In einem Kommentar in Tichys Einblick stand neulich zu lesen, dass selbst ein Rücktritt der Kanzlerin an der Gesamtlage wenig ändern würde, da links-liberales Gedankengut immer noch zu tief in den maßgebenden Teilen der Gesellschaft verankert sei.

Erst eine Art „Langer Marsch“ durch die Köpfe und Herzen der Menschen könne nachhaltige Veränderung bringen oder aber, gleichsam als Abkürzung, Krieg und/oder Revolution. Warum letzteres unter jetzigen (west-)deutschen Verhältnissen eher unwahrscheinlich ist, hat Ernst Niekisch gegen Ende seines bewegten Lebens vorausgesehen.

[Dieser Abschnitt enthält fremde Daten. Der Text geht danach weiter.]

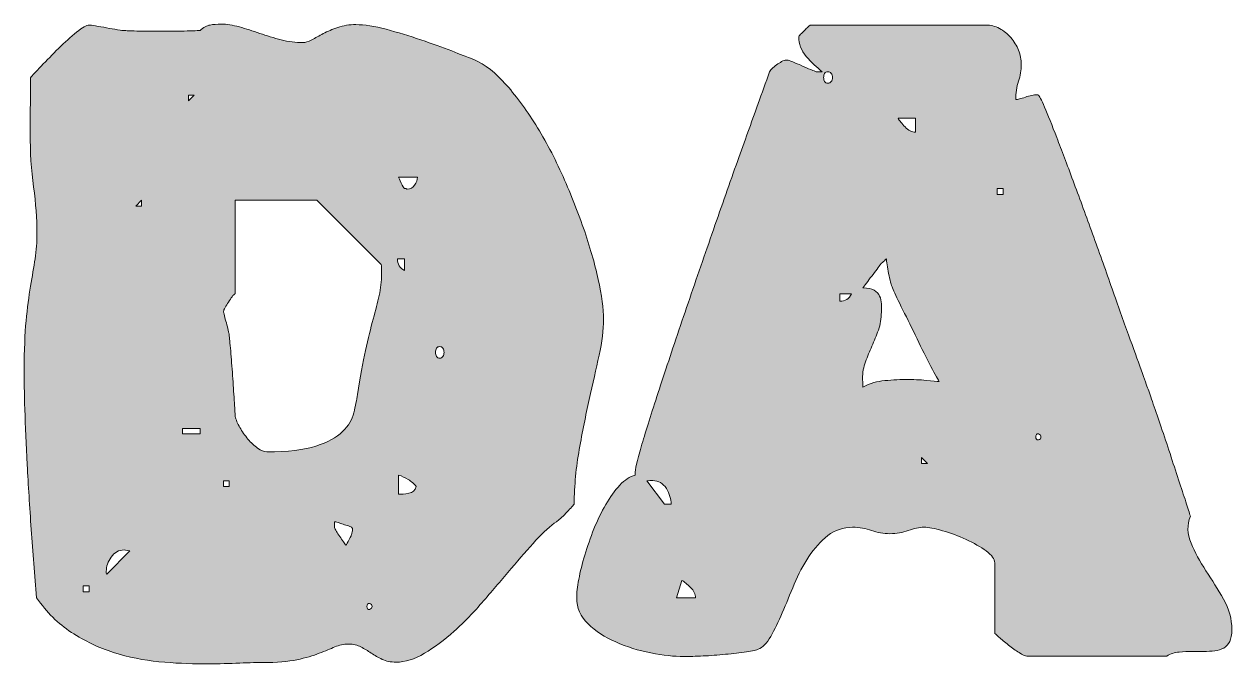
# Model space of a CAD drawing. Header units: inches. Extents: x 187 to 889, y -947 to -118.
# Drawn here: x 410.5 to 560.7, y -622.8 to -543.2 of the extents above; entities that cross this region are included whole.
import ezdxf

# ---------------------------------------------------------------- set-up
doc = ezdxf.new("R2010")
doc.units = ezdxf.units.IN
doc.header["$MEASUREMENT"] = 0
doc.layers.add('Layer 1', color=7, linetype='Continuous')

# ---------------------------------------------------------------- blocks, each defined once
blk = doc.blocks.new('block 34')
at = {"layer": 'Layer 1', "true_color": 0x040404}
h = blk.add_hatch(color=18, dxfattribs=at)
h.dxf.hatch_style = 2
edge = h.paths.add_edge_path()
edge.add_spline(control_points=[(410.47, -586.14), (410.47, -583.77), (410.55, -581.76), (410.71, -580.13), (410.87, -578.5), (411.05, -577.06), (411.26, -575.82), (411.48, -574.58), (411.66, -573.44), (411.82, -572.41), (411.98, -571.38), (412.06, -570.3), (412.06, -569.16), (412.06, -567.46), (411.92, -565.56), (411.64, -563.47), (411.35, -561.38), (411.21, -559.14), (411.21, -556.76), (411.21, -556.52), (411.21, -556.06), (411.21, -555.41), (411.21, -554.75), (411.22, -554.06), (411.24, -553.33), (411.26, -552.6), (411.26, -551.91), (411.26, -551.25), (411.26, -550.6), (411.26, -550.15), (411.26, -549.9), (411.48, -549.65), (411.92, -549.17), (412.59, -548.46), (413.27, -547.75), (413.99, -547.02), (414.75, -546.25), (415.51, -545.49), (416.26, -544.81), (416.99, -544.23), (417.71, -543.64), (418.24, -543.35), (418.56, -543.35), (418.66, -543.35), (418.93, -543.39), (419.35, -543.46), (419.78, -543.53), (420.23, -543.61), (420.71, -543.7), (421.19, -543.79), (421.65, -543.87), (422.09, -543.94), (422.54, -544.01), (422.81, -544.04), (422.92, -544.04), (422.96, -544.04), (423.16, -544.05), (423.53, -544.07), (423.9, -544.09), (424.35, -544.1), (424.86, -544.1), (425.38, -544.1), (425.88, -544.1), (426.38, -544.1), (426.88, -544.1), (427.28, -544.1), (427.6, -544.1), (427.78, -544.1), (428.1, -544.1), (428.56, -544.1), (429.02, -544.1), (429.5, -544.1), (430, -544.1), (430.49, -544.1), (430.97, -544.09), (431.41, -544.07), (431.85, -544.05), (432.16, -544.04), (432.34, -544.04), (432.77, -543.65), (433.18, -543.42), (433.59, -543.35), (434, -543.28), (434.45, -543.24), (434.95, -543.24), (435.66, -543.24), (436.42, -543.36), (437.24, -543.59), (438.05, -543.82), (438.9, -544.09), (439.76, -544.39), (440.63, -544.69), (441.52, -544.96), (442.43, -545.19), (443.33, -545.42), (444.23, -545.53), (445.11, -545.53), (445.43, -545.53), (445.81, -545.42), (446.23, -545.19), (446.66, -544.96), (447.14, -544.7), (447.67, -544.42), (448.2, -544.13), (448.8, -543.88), (449.48, -543.64), (450.15, -543.41), (450.9, -543.3), (451.71, -543.3), (452.78, -543.3), (454.04, -543.49), (455.49, -543.88), (456.95, -544.27), (458.38, -544.71), (459.8, -545.19), (461.22, -545.67), (462.5, -546.13), (463.64, -546.57), (464.77, -547.02), (465.52, -547.31), (465.87, -547.45), (467.25, -547.91), (468.62, -548.86), (469.97, -550.3), (471.32, -551.73), (472.61, -553.43), (473.85, -555.38), (475.1, -557.33), (476.24, -559.46), (477.29, -561.77), (478.33, -564.07), (479.25, -566.35), (480.03, -568.61), (480.81, -570.86), (481.42, -572.98), (481.86, -574.97), (482.31, -576.95), (482.53, -578.62), (482.53, -579.97), (482.53, -581.25), (482.34, -582.73), (481.97, -584.41), (481.6, -586.1), (481.19, -587.92), (480.75, -589.89), (480.3, -591.86), (479.89, -593.94), (479.5, -596.12), (479.11, -598.3), (478.89, -600.56), (478.86, -602.91), (478.79, -603.01), (478.65, -603.17), (478.46, -603.39), (478.26, -603.6), (478.05, -603.82), (477.82, -604.05), (477.59, -604.28), (477.37, -604.5), (477.15, -604.69), (476.94, -604.88), (476.78, -605.02), (476.67, -605.09), (475.93, -605.59), (475.08, -606.36), (474.12, -607.4), (473.16, -608.45), (472.13, -609.62), (471.03, -610.92), (469.93, -612.21), (468.79, -613.55), (467.6, -614.93), (466.41, -616.32), (465.2, -617.57), (463.95, -618.69), (462.71, -619.8), (461.48, -620.73), (460.26, -621.45), (459.03, -622.18), (457.85, -622.55), (456.72, -622.55), (456.04, -622.55), (455.47, -622.43), (454.99, -622.2), (454.51, -621.97), (454.06, -621.71), (453.63, -621.43), (453.2, -621.14), (452.78, -620.89), (452.35, -620.66), (451.93, -620.42), (451.41, -620.31), (450.81, -620.31), (450.21, -620.31), (449.64, -620.42), (449.11, -620.66), (448.57, -620.89), (447.93, -621.15), (447.16, -621.45), (446.4, -621.75), (445.47, -622.02), (444.37, -622.25), (443.27, -622.48), (441.87, -622.6), (440.16, -622.6), (439.17, -622.6), (438.05, -622.63), (436.81, -622.68), (435.57, -622.73), (434.2, -622.76), (432.71, -622.76), (430.97, -622.76), (429.15, -622.67), (427.23, -622.49), (425.31, -622.31), (423.43, -621.93), (421.59, -621.35), (419.74, -620.76), (418, -619.93), (416.35, -618.85), (414.7, -617.76), (413.25, -616.34), (412.01, -614.56), (411.76, -611.72), (411.54, -608.89), (411.34, -606.05), (411.15, -603.21), (410.98, -600.53), (410.84, -598.01), (410.7, -595.49), (410.6, -593.2), (410.55, -591.14), (410.49, -589.09), (410.47, -587.42), (410.47, -586.14)], knot_values=[0, 0, 0, 0, 1, 1, 1, 2, 2, 2, 3, 3, 3, 4, 4, 4, 5, 5, 5, 6, 6, 6, 7, 7, 7, 8, 8, 8, 9, 9, 9, 10, 10, 10, 11, 11, 11, 12, 12, 12, 13, 13, 13, 14, 14, 14, 15, 15, 15, 16, 16, 16, 17, 17, 17, 18, 18, 18, 19, 19, 19, 20, 20, 20, 21, 21, 21, 22, 22, 22, 23, 23, 23, 24, 24, 24, 25, 25, 25, 26, 26, 26, 27, 27, 27, 28, 28, 28, 29, 29, 29, 30, 30, 30, 31, 31, 31, 32, 32, 32, 33, 33, 33, 34, 34, 34, 35, 35, 35, 36, 36, 36, 37, 37, 37, 38, 38, 38, 39, 39, 39, 40, 40, 40, 41, 41, 41, 42, 42, 42, 43, 43, 43, 44, 44, 44, 45, 45, 45, 46, 46, 46, 47, 47, 47, 48, 48, 48, 49, 49, 49, 50, 50, 50, 51, 51, 51, 52, 52, 52, 53, 53, 53, 54, 54, 54, 55, 55, 55, 56, 56, 56, 57, 57, 57, 58, 58, 58, 59, 59, 59, 60, 60, 60, 61, 61, 61, 62, 62, 62, 63, 63, 63, 64, 64, 64, 65, 65, 65, 66, 66, 66, 67, 67, 67, 68, 68, 68, 69, 69, 69, 70, 70, 70, 71, 71, 71, 72, 72, 72, 73, 73, 73, 74, 74, 74, 75, 75, 75, 76, 76, 76, 77, 77, 77, 78, 78, 78, 78], degree=3, periodic=1)
h.paths.add_polyline_path([(418.56, -613.07), (417.81, -613.07), (417.81, -613.82), (418.56, -613.82)])
edge = h.paths.add_edge_path()
edge.add_spline(control_points=[(420.68, -611.26), (420.68, -611.3), (420.68, -611.36), (420.68, -611.45), (420.68, -611.54), (420.7, -611.6), (420.74, -611.63), (420.74, -611.63), (423.61, -608.71), (423.61, -608.71), (423.54, -608.71), (423.43, -608.69), (423.27, -608.65), (423.11, -608.62), (422.99, -608.6), (422.92, -608.6), (422.25, -608.6), (421.7, -608.89), (421.3, -609.48), (420.89, -610.06), (420.68, -610.66), (420.68, -611.26)], knot_values=[0, 0, 0, 0, 1, 1, 1, 2, 2, 2, 3, 3, 3, 4, 4, 4, 5, 5, 5, 6, 6, 6, 7, 7, 7, 7], degree=3, periodic=1)
h.paths.add_polyline_path([(425.05, -565.86), (425.05, -565.12), (424.36, -565.86)])
h.paths.add_polyline_path([(430.16, -593.49), (430.16, -594.18), (432.34, -594.18), (432.34, -593.49)])
h.paths.add_polyline_path([(430.9, -552.08), (430.9, -552.77), (431.6, -552.08)])
edge = h.paths.add_edge_path()
edge.add_spline(control_points=[(436.7, -565.12), (436.7, -565.12), (436.7, -576.77), (436.7, -576.77), (436.6, -576.81), (436.47, -576.93), (436.33, -577.12), (436.19, -577.32), (436.04, -577.54), (435.88, -577.79), (435.72, -578.04), (435.58, -578.27), (435.45, -578.48), (435.33, -578.69), (435.27, -578.85), (435.27, -578.96), (435.27, -579.03), (435.3, -579.21), (435.37, -579.49), (435.44, -579.77), (435.52, -580.07), (435.61, -580.39), (435.7, -580.71), (435.78, -581.02), (435.85, -581.3), (435.92, -581.58), (435.96, -581.76), (435.96, -581.83), (435.99, -582.22), (436.06, -582.89), (436.15, -583.85), (436.23, -584.81), (436.31, -585.83), (436.39, -586.91), (436.46, -588), (436.53, -589.02), (436.6, -589.97), (436.67, -590.93), (436.7, -591.61), (436.7, -592), (436.81, -592.42), (437.01, -592.88), (437.29, -593.38), (437.57, -593.88), (437.91, -594.36), (438.3, -594.82), (438.69, -595.28), (439.09, -595.66), (439.5, -595.96), (439.91, -596.26), (440.29, -596.41), (440.64, -596.41), (443.27, -596.41), (445.31, -596.17), (446.76, -595.69), (448.22, -595.22), (449.32, -594.61), (450.06, -593.88), (450.81, -593.16), (451.28, -592.38), (451.47, -591.54), (451.67, -590.71), (451.82, -589.96), (451.93, -589.28), (452.25, -587.12), (452.57, -585.29), (452.91, -583.8), (453.25, -582.31), (453.57, -581.02), (453.87, -579.91), (454.17, -578.82), (454.42, -577.83), (454.61, -576.96), (454.81, -576.09), (454.91, -575.21), (454.91, -574.33), (454.91, -574.15), (454.91, -573.91), (454.91, -573.61), (454.91, -573.31), (454.89, -573.14), (454.85, -573.1), (454.85, -573.1), (446.87, -565.12), (446.87, -565.12), (446.87, -565.12), (436.7, -565.12), (436.7, -565.12)], knot_values=[0, 0, 0, 0, 1, 1, 1, 2, 2, 2, 3, 3, 3, 4, 4, 4, 5, 5, 5, 6, 6, 6, 7, 7, 7, 8, 8, 8, 9, 9, 9, 10, 10, 10, 11, 11, 11, 12, 12, 12, 13, 13, 13, 14, 14, 14, 15, 15, 15, 16, 16, 16, 17, 17, 17, 18, 18, 18, 19, 19, 19, 20, 20, 20, 21, 21, 21, 22, 22, 22, 23, 23, 23, 24, 24, 24, 25, 25, 25, 26, 26, 26, 27, 27, 27, 28, 28, 28, 29, 29, 29, 29], degree=3, periodic=1)
h.paths.add_polyline_path([(435.27, -600.72), (435.96, -600.72), (435.96, -600.03), (435.27, -600.03)])
edge = h.paths.add_edge_path()
edge.add_spline(control_points=[(451.23, -605.83), (451.16, -605.76), (451.02, -605.69), (450.81, -605.62), (450.6, -605.55), (450.37, -605.48), (450.14, -605.41), (449.91, -605.34), (449.7, -605.27), (449.5, -605.19), (449.31, -605.12), (449.16, -605.09), (449.05, -605.09), (449.05, -605.09), (449.05, -605.83), (449.05, -605.83), (449.09, -605.94), (449.17, -606.09), (449.29, -606.29), (449.42, -606.48), (449.56, -606.69), (449.72, -606.92), (449.88, -607.16), (450.03, -607.38), (450.17, -607.59), (450.31, -607.8), (450.42, -607.95), (450.49, -608.02), (450.56, -607.91), (450.69, -607.67), (450.89, -607.3), (451.08, -606.92), (451.2, -606.68), (451.23, -606.58), (451.23, -606.54), (451.24, -606.47), (451.26, -606.37), (451.28, -606.26), (451.29, -606.19), (451.29, -606.15), (451.29, -606.15), (451.29, -605.94), (451.29, -605.94), (451.25, -605.91), (451.23, -605.87), (451.23, -605.83)], knot_values=[0, 0, 0, 0, 1, 1, 1, 2, 2, 2, 3, 3, 3, 4, 4, 4, 5, 5, 5, 6, 6, 6, 7, 7, 7, 8, 8, 8, 9, 9, 9, 10, 10, 10, 11, 11, 11, 12, 12, 12, 13, 13, 13, 14, 14, 14, 15, 15, 15, 15], degree=3, periodic=1)
edge = h.paths.add_edge_path()
edge.add_spline(control_points=[(453.42, -615.25), (453.31, -615.22), (453.23, -615.25), (453.18, -615.33), (453.12, -615.42), (453.1, -615.52), (453.1, -615.63), (453.1, -615.73), (453.12, -615.83), (453.18, -615.92), (453.23, -616.01), (453.31, -616.04), (453.42, -616), (453.63, -615.93), (453.74, -615.81), (453.74, -615.63), (453.74, -615.45), (453.63, -615.33), (453.42, -615.25)], knot_values=[0, 0, 0, 0, 1, 1, 1, 2, 2, 2, 3, 3, 3, 4, 4, 4, 5, 5, 5, 6, 6, 6, 6], degree=3, periodic=1)
edge = h.paths.add_edge_path()
edge.add_spline(control_points=[(456.88, -572.41), (456.88, -573.09), (457.18, -573.56), (457.78, -573.85), (457.78, -573.85), (457.78, -572.41), (457.78, -572.41), (457.78, -572.41), (456.88, -572.41), (456.88, -572.41)], knot_values=[0, 0, 0, 0, 1, 1, 1, 2, 2, 2, 3, 3, 3, 3], degree=3, periodic=1)
edge = h.paths.add_edge_path()
edge.add_spline(control_points=[(457.04, -562.25), (457.07, -562.35), (457.18, -562.6), (457.36, -562.99), (457.53, -563.38), (457.67, -563.61), (457.78, -563.68), (457.78, -563.68), (457.94, -563.68), (457.94, -563.68), (457.98, -563.68), (457.99, -563.69), (457.99, -563.71), (457.99, -563.73), (458.01, -563.74), (458.05, -563.74), (458.05, -563.74), (458.1, -563.74), (458.1, -563.74), (458.49, -563.74), (458.8, -563.58), (459.03, -563.26), (459.26, -562.94), (459.38, -562.6), (459.38, -562.25), (459.38, -562.25), (457.04, -562.25), (457.04, -562.25)], knot_values=[0, 0, 0, 0, 1, 1, 1, 2, 2, 2, 3, 3, 3, 4, 4, 4, 5, 5, 5, 6, 6, 6, 7, 7, 7, 8, 8, 8, 9, 9, 9, 9], degree=3, periodic=1)
edge = h.paths.add_edge_path()
edge.add_spline(control_points=[(457.04, -601.68), (457.39, -601.68), (457.81, -601.64), (458.29, -601.55), (458.77, -601.46), (459.08, -601.19), (459.22, -600.72), (458.97, -600.37), (458.64, -600.08), (458.23, -599.85), (457.82, -599.62), (457.43, -599.43), (457.04, -599.29), (457.04, -599.29), (457.04, -601.68), (457.04, -601.68)], knot_values=[0, 0, 0, 0, 1, 1, 1, 2, 2, 2, 3, 3, 3, 4, 4, 4, 5, 5, 5, 5], degree=3, periodic=1)
edge = h.paths.add_edge_path()
edge.add_spline(control_points=[(462.15, -583.32), (461.97, -583.32), (461.83, -583.39), (461.75, -583.53), (461.66, -583.68), (461.61, -583.84), (461.61, -584.04), (461.61, -584.23), (461.66, -584.4), (461.75, -584.54), (461.83, -584.69), (461.97, -584.76), (462.15, -584.76), (462.32, -584.76), (462.45, -584.69), (462.54, -584.54), (462.63, -584.4), (462.68, -584.23), (462.68, -584.04), (462.68, -583.84), (462.63, -583.68), (462.54, -583.53), (462.45, -583.39), (462.32, -583.32), (462.15, -583.32)], knot_values=[0, 0, 0, 0, 1, 1, 1, 2, 2, 2, 3, 3, 3, 4, 4, 4, 5, 5, 5, 6, 6, 6, 7, 7, 7, 8, 8, 8, 8], degree=3, periodic=1)
h = blk.add_hatch(color=18, dxfattribs=at)
h.dxf.hatch_style = 2
edge = h.paths.add_edge_path()
edge.add_spline(control_points=[(509.35, -549.15), (509.35, -549.15), (509.73, -549.15), (509.73, -549.15), (509.02, -548.62), (508.35, -547.99), (507.73, -547.26), (507.11, -546.54), (506.8, -545.71), (506.8, -544.79), (506.87, -544.68), (506.99, -544.55), (507.14, -544.39), (507.3, -544.23), (507.46, -544.07), (507.62, -543.91), (507.78, -543.75), (507.93, -543.62), (508.05, -543.51), (508.17, -543.4), (508.25, -543.35), (508.29, -543.35), (508.29, -543.35), (530.06, -543.35), (530.06, -543.35), (530.66, -543.35), (531.23, -543.49), (531.76, -543.78), (532.29, -544.06), (532.76, -544.44), (533.17, -544.92), (533.58, -545.4), (533.9, -545.92), (534.13, -546.49), (534.36, -547.06), (534.47, -547.64), (534.47, -548.25), (534.47, -548.96), (534.36, -549.66), (534.13, -550.35), (533.9, -551.04), (533.78, -551.8), (533.78, -552.61), (533.89, -552.61), (534.05, -552.59), (534.26, -552.53), (534.47, -552.48), (534.71, -552.41), (534.98, -552.32), (535.25, -552.23), (535.51, -552.16), (535.78, -552.11), (536.04, -552.05), (536.25, -552.03), (536.39, -552.03), (536.5, -552.03), (536.57, -552.05), (536.6, -552.08), (536.71, -552.12), (536.97, -552.61), (537.37, -553.57), (537.78, -554.53), (538.29, -555.79), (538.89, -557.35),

Der schwer zu klassifizierende Publizist und Politiker, der heute im Zuge von Querfront-Strategien wieder herangezogen wird, war ein Enttäuschter der Geschichte, zumal der deutschen. Nirgendwo richtig zu Hause und von den Strapazen der NS-Haft gezeichnet, verlor er zum Schluss sein Augenlicht, was sein politisches Gespür allerdings umso schärfer werden ließ. Gleich einem prosaisch-preußischen Homer sah er statt Götter Ideen auf den Schlachtfeldern der Geschichte gegeneinander streiten. Die bürgerliche Ideologie in all ihren Verkleidungen und Verästelungen nahm für ihn die Rolle des Trojanischen Pferdes ein. Sie verhinderte immer wieder den ersehnten revolutionären Durchbruch – bis heute.

Auf der Suche nach der Revolution

Ernst Niekisch war geborener und stolzer Preuße, der die erste Zeit seines politischen Wirkens allerdings im „Feindesland“, nämlich in Bayern zubrachte. Er kommt am 23. Mai 1889 in kleinbürgerlichen Verhältnissen in Trebnitz/Schlesien zu Welt und bleibt zeitlebens ein erklärter Feind bürgerlicher Wertvorstellungen. 1908 als Einjährig-Freiwilliger eingezogen und im Ersten Weltkrieg in der Etappe eingesetzt, verabscheute er Militarismus und Pazifismus gleichermaßen.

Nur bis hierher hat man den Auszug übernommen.